Governo suspende medicamento para 8 mil pacientes com leucemia

Medicamento de alto custo e vital para pacientes crônicos teve a distribuição suspensa no final de fevereiro, sem uma explicação plausível

Governo suspende medicamento para 8 mil pacientes com leucemia
Talvez os tecnocratas do Ministério da Saúde não saibam, mas quem tem câncer tem pressa (Foto: D. Meyer)
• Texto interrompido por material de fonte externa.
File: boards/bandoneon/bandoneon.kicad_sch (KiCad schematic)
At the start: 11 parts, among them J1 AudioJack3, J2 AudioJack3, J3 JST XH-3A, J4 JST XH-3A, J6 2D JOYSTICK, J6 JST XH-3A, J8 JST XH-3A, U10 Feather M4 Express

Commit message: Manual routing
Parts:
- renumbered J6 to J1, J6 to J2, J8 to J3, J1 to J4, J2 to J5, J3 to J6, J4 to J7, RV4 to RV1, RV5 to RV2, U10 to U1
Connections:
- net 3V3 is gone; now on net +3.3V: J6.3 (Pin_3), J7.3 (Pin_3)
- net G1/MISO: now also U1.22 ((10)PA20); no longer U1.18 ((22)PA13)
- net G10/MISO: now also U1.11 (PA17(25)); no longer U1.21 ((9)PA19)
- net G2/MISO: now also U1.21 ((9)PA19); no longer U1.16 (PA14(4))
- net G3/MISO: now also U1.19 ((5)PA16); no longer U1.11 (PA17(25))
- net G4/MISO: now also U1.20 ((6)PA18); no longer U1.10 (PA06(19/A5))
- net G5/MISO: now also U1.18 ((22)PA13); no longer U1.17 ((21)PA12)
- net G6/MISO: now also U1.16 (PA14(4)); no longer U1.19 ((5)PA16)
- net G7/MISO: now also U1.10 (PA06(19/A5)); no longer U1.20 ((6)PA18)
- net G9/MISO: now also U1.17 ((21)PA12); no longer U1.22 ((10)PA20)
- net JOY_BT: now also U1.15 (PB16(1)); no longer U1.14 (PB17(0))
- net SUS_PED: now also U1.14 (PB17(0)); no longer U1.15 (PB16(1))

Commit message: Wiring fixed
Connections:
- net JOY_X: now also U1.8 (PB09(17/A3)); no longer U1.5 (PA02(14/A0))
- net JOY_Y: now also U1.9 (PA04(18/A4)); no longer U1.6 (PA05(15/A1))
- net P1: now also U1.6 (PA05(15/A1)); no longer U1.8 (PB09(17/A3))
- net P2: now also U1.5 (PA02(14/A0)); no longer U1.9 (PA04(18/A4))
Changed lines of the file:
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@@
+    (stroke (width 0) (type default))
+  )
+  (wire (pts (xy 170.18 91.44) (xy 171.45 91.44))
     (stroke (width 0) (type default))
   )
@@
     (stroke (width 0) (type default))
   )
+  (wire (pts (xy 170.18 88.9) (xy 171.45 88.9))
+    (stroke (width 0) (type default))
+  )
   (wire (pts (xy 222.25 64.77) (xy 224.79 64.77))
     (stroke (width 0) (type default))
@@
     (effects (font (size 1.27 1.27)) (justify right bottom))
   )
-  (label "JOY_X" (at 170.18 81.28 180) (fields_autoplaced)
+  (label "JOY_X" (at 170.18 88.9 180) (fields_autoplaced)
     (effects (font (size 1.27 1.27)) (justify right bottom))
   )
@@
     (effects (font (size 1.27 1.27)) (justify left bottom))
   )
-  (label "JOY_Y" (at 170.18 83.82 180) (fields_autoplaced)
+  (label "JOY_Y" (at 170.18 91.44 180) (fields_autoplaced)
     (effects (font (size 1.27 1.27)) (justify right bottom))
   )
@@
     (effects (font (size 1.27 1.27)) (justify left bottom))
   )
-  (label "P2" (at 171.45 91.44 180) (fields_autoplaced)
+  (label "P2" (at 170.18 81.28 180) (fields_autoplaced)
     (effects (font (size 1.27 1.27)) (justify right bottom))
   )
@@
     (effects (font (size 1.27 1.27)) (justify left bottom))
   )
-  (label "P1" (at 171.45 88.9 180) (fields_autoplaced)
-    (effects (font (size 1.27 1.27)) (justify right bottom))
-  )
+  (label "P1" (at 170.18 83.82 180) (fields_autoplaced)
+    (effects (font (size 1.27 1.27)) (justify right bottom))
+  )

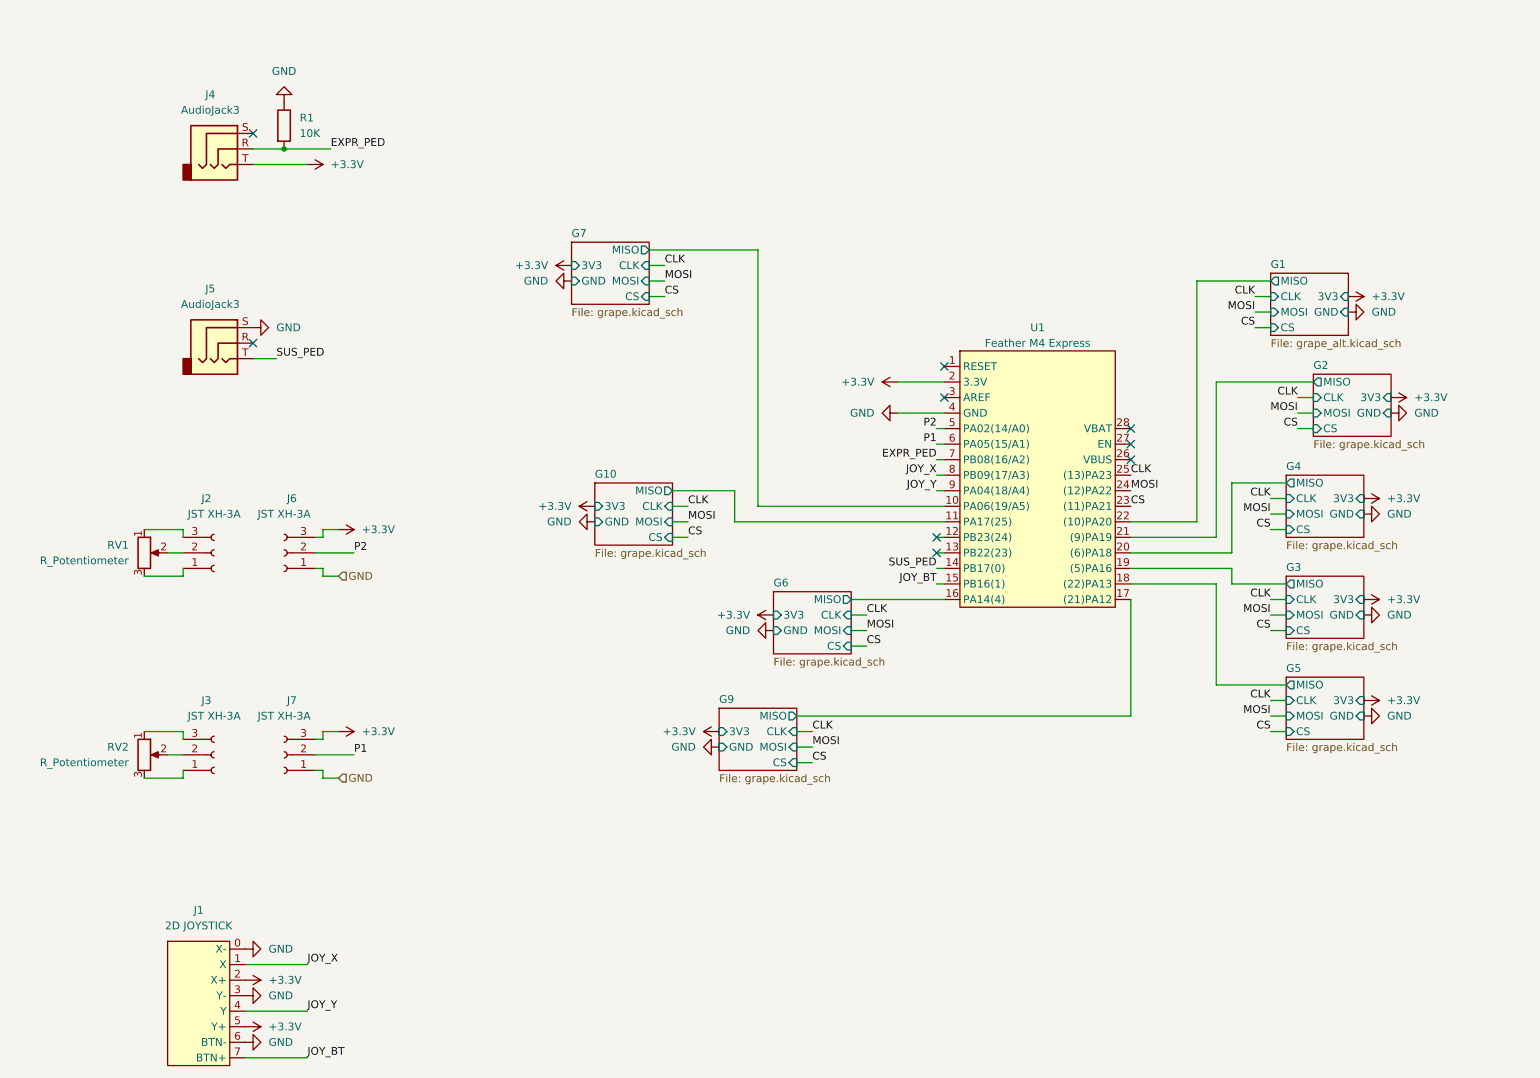
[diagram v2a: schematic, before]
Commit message: Add esd protection
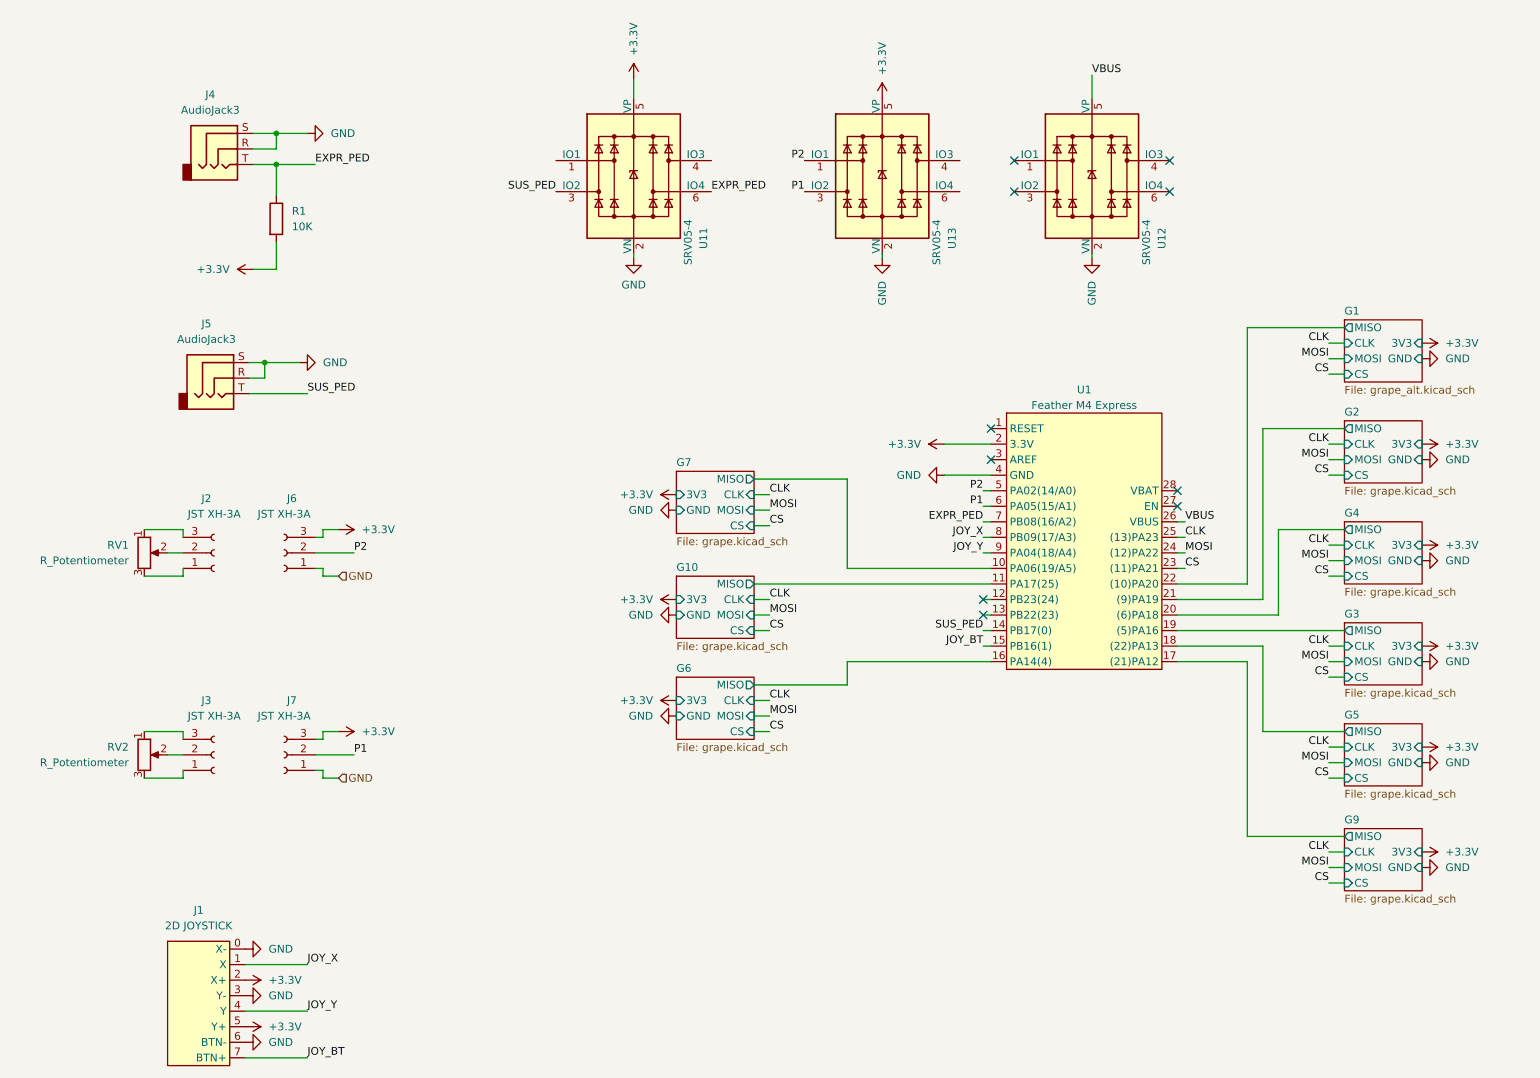
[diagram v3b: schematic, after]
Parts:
- added U11, U12, U13: SRV05-4, Package_TO_SOT_SMD:SOT-23-6, symbol Power_Protection:SRV05-4
- R1: LCSC (none) -> C25804
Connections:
- net +3.3V: now also R1.2, U11.5 (VP), U13.5 (VP); no longer J4.T
- net EXPR_PED: now also J4.T, R1.1, U11.6 (IO4); no longer J4.R, R1.2
- net GND: now also J4.R, J4.S, J5.R, U11.2 (VN), U12.2 (VN), U13.2 (VN); no longer R1.1
- net P1: now also U13.3 (IO2)
- net P2: now also U13.1 (IO1)
- net SUS_PED: now also U11.3 (IO2)
- net VBUS: now reaches U1.26 (VBUS)
- net VBUS: now also U12.5 (VP)
- no-connect marks 9 -> 10
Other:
- moved on the sheet: J5, R1, U1

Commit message: Gerber and bom export
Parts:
- J1, J2, J3, J4, J5, J6, J7, RV1, RV2, U1: now left out of the parts list
- R1: LCSC C25804 -> (none); LCSC Part (none) -> C25804
- U11, U12, U13: LCSC C2836319 -> (none); LCSC Part (none) -> C2836319
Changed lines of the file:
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@@
   )
   (symbol (lib_id "Connector:Conn_01x03_Socket") (at 63.5 101.6 180) (unit 1)
-    (in_bom yes) (on_board yes) (dnp no)
+    (in_bom no) (on_board yes) (dnp no)
     (property "Reference" "J6" (at 64.77 92.71 0)
       (effects (font (size 1.27 1.27)))
@@
   )
   (symbol (lib_id "Connector_Audio:AudioJack3") (at 52.705 73.025 0) (unit 1)
-    (in_bom yes) (on_board yes) (dnp no) (fields_autoplaced)
+    (in_bom no) (on_board yes) (dnp no) (fields_autoplaced)
     (property "Reference" "J5" (at 50.8 64.135 0)
       (effects (font (size 1.27 1.27)))
@@
   )
   (symbol (lib_id "Connector:Conn_01x03_Socket") (at 52.07 134.62 0) (mirror x) (unit 1)
-    (in_bom yes) (on_board no) (dnp no)
+    (in_bom no) (on_board no) (dnp no)
     (property "Reference" "J3" (at 50.8 125.73 0)
       (effects (font (size 1.27 1.27)))
@@
       (effects (font (size 1.27 1.27)) hide)
     )
-    (property "Datasheet" "https://www.lcsc.com/datasheet/lcsc_datasheet_2202221730_MSKSEMI-SRV05-4_C2836319.pdf" (at 120.65 40.005 0)
+    (property "Datasheet" "http://www.onsemi.com/pub/Collateral/SRV05-4-D.PDF" (at 120.65 40.005 0)
       (effects (font (size 1.27 1.27)) hide)
     )
@@
       (effects (font (size 1.27 1.27)) hide)
     )
-    (property "LCSC" "C2836319" (at 120.65 40.005 90)
+    (property "LCSC Part" "C2836319" (at 120.65 40.005 90)
       (effects (font (size 1.27 1.27)) hide)
     )
@@
   )
   (symbol (lib_id "Device:R_Potentiometer") (at 40.64 101.6 0) (unit 1)
-    (in_bom yes) (on_board no) (dnp no) (fields_autoplaced)
+    (in_bom no) (on_board no) (dnp no) (fields_autoplaced)
     (property "Reference" "RV1" (at 38.1 100.33 0)
       (effects (font (size 1.27 1.27)) (justify right))
@@
   )
   (symbol (lib_id "Connector:Conn_01x03_Socket") (at 52.07 101.6 0) (mirror x) (unit 1)
-    (in_bom yes) (on_board no) (dnp no)
+    (in_bom no) (on_board no) (dnp no)
     (property "Reference" "J2" (at 50.8 92.71 0)
       (effects (font (size 1.27 1.27)))
@@
       (effects (font (size 1.27 1.27)) hide)
     )
-    (property "Datasheet" "https://www.lcsc.com/datasheet/lcsc_datasheet_2202221730_MSKSEMI-SRV05-4_C2836319.pdf" (at 195.58 40.005 0)
+    (property "Datasheet" "http://www.onsemi.com/pub/Collateral/SRV05-4-D.PDF" (at 195.58 40.005 0)
       (effects (font (size 1.27 1.27)) hide)
     )
@@
       (effects (font (size 1.27 1.27)) hide)
     )
-    (property "LCSC" "C2836319" (at 195.58 40.005 90)
+    (property "LCSC Part" "C2836319" (at 195.58 40.005 90)
       (effects (font (size 1.27 1.27)) hide)
     )
@@
   )
   (symbol (lib_id "Device:R_Potentiometer") (at 40.64 134.62 0) (unit 1)
-    (in_bom yes) (on_board no) (dnp no) (fields_autoplaced)
+    (in_bom no) (on_board no) (dnp no) (fields_autoplaced)
     (property "Reference" "RV2" (at 38.1 133.35 0)
       (effects (font (size 1.27 1.27)) (justify right))
@@
   )
   (symbol (lib_id "Connector:Conn_01x03_Socket") (at 63.5 134.62 180) (unit 1)
-    (in_bom yes) (on_board yes) (dnp no)
+    (in_bom no) (on_board yes) (dnp no)
     (property "Reference" "J7" (at 64.77 125.73 0)
       (effects (font (size 1.27 1.27)))
@@
       (effects (font (size 1.27 1.27)) hide)
     )
-    (property "Datasheet" "https://www.lcsc.com/datasheet/lcsc_datasheet_2202221730_MSKSEMI-SRV05-4_C2836319.pdf" (at 161.29 40.005 0)
+    (property "Datasheet" "http://www.onsemi.com/pub/Collateral/SRV05-4-D.PDF" (at 161.29 40.005 0)
       (effects (font (size 1.27 1.27)) hide)
     )
@@
       (effects (font (size 1.27 1.27)) hide)
     )
-    (property "LCSC" "C2836319" (at 161.29 40.005 90)
+    (property "LCSC Part" "C2836319" (at 161.29 40.005 90)
       (effects (font (size 1.27 1.27)) hide)
     )
@@
   )
   (symbol (lib_id "Connector_Audio:AudioJack3") (at 53.34 35.56 0) (unit 1)
-    (in_bom yes) (on_board yes) (dnp no) (fields_autoplaced)
+    (in_bom no) (on_board yes) (dnp no) (fields_autoplaced)
     (property "Reference" "J4" (at 51.435 26.67 0)
       (effects (font (size 1.27 1.27)))
@@
   )
   (symbol (lib_id "Library:2-Axis_Joystick") (at 49.53 172.72 0) (unit 1)
-    (in_bom yes) (on_board yes) (dnp no)
+    (in_bom no) (on_board yes) (dnp no)
     (property "Reference" "J1" (at 49.53 160.02 0)
       (effects (font (size 1.27 1.27)))
@@
   )
   (symbol (lib_id "Library:Adafruit_Feather_M4_Express") (at 194.31 90.17 0) (unit 1)
-    (in_bom yes) (on_board yes) (dnp no)
+    (in_bom no) (on_board yes) (dnp no)
     (property "Reference" "U1" (at 194.31 74.93 0)
       (effects (font (size 1.27 1.27)))
@@
       (effects (font (size 1.27 1.27)) hide)
     )
-    (property "LCSC" "C25804" (at 62.23 46.99 0)
-      (effects (font (size 1.27 1.27)) hide)
-    )
+    (property "LCSC Part" "C25804" (at 62.23 46.99 0)
+      (effects (font (size 1.27 1.27)) hide)
+    )

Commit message: PCB order
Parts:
- R1: footprint Resistor_SMD:R_0201_0603Metric -> Resistor_SMD:R_0603_1608Metric
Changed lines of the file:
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@@
       (effects (font (size 1.27 1.27)) (justify left))
     )
-    (property "Footprint" "Resistor_SMD:R_0201_0603Metric" (at 60.452 46.99 90)
+    (property "Footprint" "Resistor_SMD:R_0603_1608Metric" (at 60.452 46.99 90)
       (effects (font (size 1.27 1.27)) hide)
     )

Cerca de 8 mil brasileiros que sofrem de leucemia mieloide crônica (LMC) vivem dias de preocupação desde que foi suspensa no final de fevereiro a entrega aos hemocentros em todo o país do quimioterápico mesilato de imatinibe. O medicamento – de alto custo – é vital para a manutenção da esperança e da qualidade de vida destes pacientes crônicos – a maioria deles já sem sua dose diária de quimioterapia.

A falta do fármaco afasta o paciente da fase crônica da doença – cuja expectativa de vida supera os dez anos – e o condena à fase aguda, com perspectiva de morrer em menos de doze meses. Até o momento, o Governo Federal não deu uma explicação plausível para o desabastecimento. A caixa do quimioterápico – com 30 comprimidos de 400 mg – tem um preço médio superior a R$ 10 mil por mês.

Mas o que está ruim ainda pode piorar. Numa espécie de pré-Reforma da Previdência, pacientes com câncer estão perdendo o auxílio-doença. Nos postos do INSS, os peritos – de forma subjetiva – avaliam se os doentes em tratamento possuem “capacidade laborativa”. Esta regra vale somente para os trabalhadores do regime geral da Previdência – a grande maioria dos brasileiros. Para militares e funcionários públicos federais – como os próprios peritos do INSS -, a regra é diferente e determina que eles sejam aposentados por invalidez, independentemente da capacidade de trabalho.

Essa diferenciação entre brasileiros comuns e brasileiros de elite ocorre no acesso aos medicamentos de alto custo. Por exemplo, o superseguro de saúde dos senadores e deputados federais, bancado com dinheiro público, garante a estes cidadãos poderosos e especiais o acesso sem dificuldade ou atraso a qualquer tratamento.

Muitos pacientes do SUS vivem situação dramática. É o caso de Maria, de 47 anos – personagem desta matéria. Ela preferiu este nome com medo de represália, tanto no INSS quanto no hemocentro onde é atendida. “De uma hora para outra, a vida se torna um pesadelo. Sofro constantemente de fadiga, diarreia, náuseas e dor muscular. O remédio que me mantém viva acabou, sem previsão de entrega. E não tenho espaço no mundo do trabalho. Estou desempregada e uma empresa não contrata quem trata do câncer”, lamenta.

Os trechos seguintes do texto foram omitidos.